L'Institut national de la jeunesse et de l'éducation populaire (Injep), dont le directeur, Thibaut de Saint Pol, vous a exposé le panorama des jeunesses, est pour nous un observatoire très précieux, y compris au travers de la statistique, sur les jeunesses et les politiques en leur faveur. Nous assurons également le secrétariat général du Haut Conseil à la vie associative (HCVA), instance qui oriente nos politiques, et le secrétariat du Conseil d'orientation des politiques de jeunesse (COJ) mis en place en 2016 : il réunit tous les acteurs intéressés par ces politiques et met à leur disposition sa production. Notre action s'appuie aussi sur l'ensemble du réseau déconcentré de la jeunesse et des sports, dont la collaboration étroite pour mettre en place ces politiques sur les territoires relève désormais des recteurs et des préfets.

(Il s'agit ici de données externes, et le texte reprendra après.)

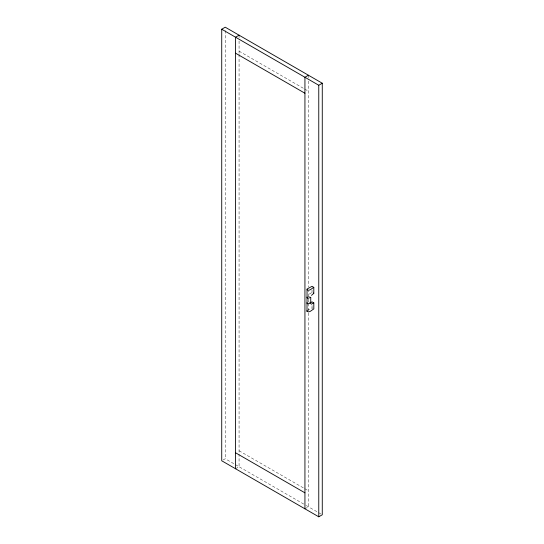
<?xml version="1.0" encoding="UTF-8"?>
<svg xmlns="http://www.w3.org/2000/svg" width="544" height="544" viewBox="0 0 544 544"><rect width="100%" height="100%" fill="white"/><g stroke="black" fill="none" stroke-linecap="round" stroke-linejoin="round"><path stroke-width="0.41" stroke-dasharray="2.72 2.04" d="M309.284 294.114L312.093 292.346M307.224 310.393L312.038 307.918L312.936 308.441M223.128 459.966L225.236 458.748L234.702 464.216M235.559 468.765L239.068 466.738L239.068 454.22M304.932 508.81L308.441 506.79L308.441 291.013M239.068 51.163L304.055 88.686M304.79 89.107L308.441 91.215M308.441 296.079L309.611 296.752M308.441 301.702L309.624 302.369M239.068 450.765L304.055 488.281M304.79 488.702L308.441 490.81M235.43 464.637L305.517 505.104M306.245 505.526L322.272 514.774M312.018 290.068L312.018 292.305M312.038 305.646L312.038 307.918M308.441 75.235L308.441 77.758M308.441 81.076L308.441 287.191M239.068 35.19L239.068 37.692M239.068 41.031L239.068 53.706M239.068 54.386L239.068 453.383M225.236 30.6L225.236 458.748"/><path stroke-width="0.82" d="M311.454 295.365L313.793 293.332L313.793 287.354L312.018 286.328L307.047 289.007L307 311.345C309.366 313.14 311.875 309.896 313.813 308.944L313.813 302.886L312.038 301.866L310.155 302.79M307.047 302.62L306.979 303.368L307.89 303.892L310.74 303.028L310.74 297.405L310.359 297.187M307 311.345L307.068 310.597M307.047 296.997L306.979 297.745L307.89 298.268L310.74 297.405M313.813 302.886L311.195 304.232M313.793 287.354C311.78 288.327 309.38 291.536 306.979 289.755M221.728 29.226L225.236 27.2L322.272 83.225L322.272 514.774L318.764 516.8L221.728 460.775L221.728 29.226L318.764 85.252L322.272 83.225M239.068 35.19L235.559 37.21L235.559 468.765M308.441 75.235L304.932 77.262L304.932 508.81M235.559 53.19L304.932 93.235M313.269 293.032L313.793 293.332M310.359 302.811L310.76 303.022M235.559 452.785L304.932 492.837M318.764 85.252L318.764 516.8"/></g></svg>

S'agissant de l'égalité des chances, l'agenda du Gouvernement s'étend sur toute la durée du quinquennat et inclut de nombreuses politiques publiques, telles que l'émancipation des individus, la lutte contre l'assignation à résidence et l'autocensure ainsi que l'accent porté sur les plus jeunes. La jeunesse est le coeur de cible de ces politiques d'égalité des chances, qui ont pour souci premier de promouvoir l'égalité des chances et d'assurer une vraie continuité de la maternelle à l'entrée dans la vie professionnelle.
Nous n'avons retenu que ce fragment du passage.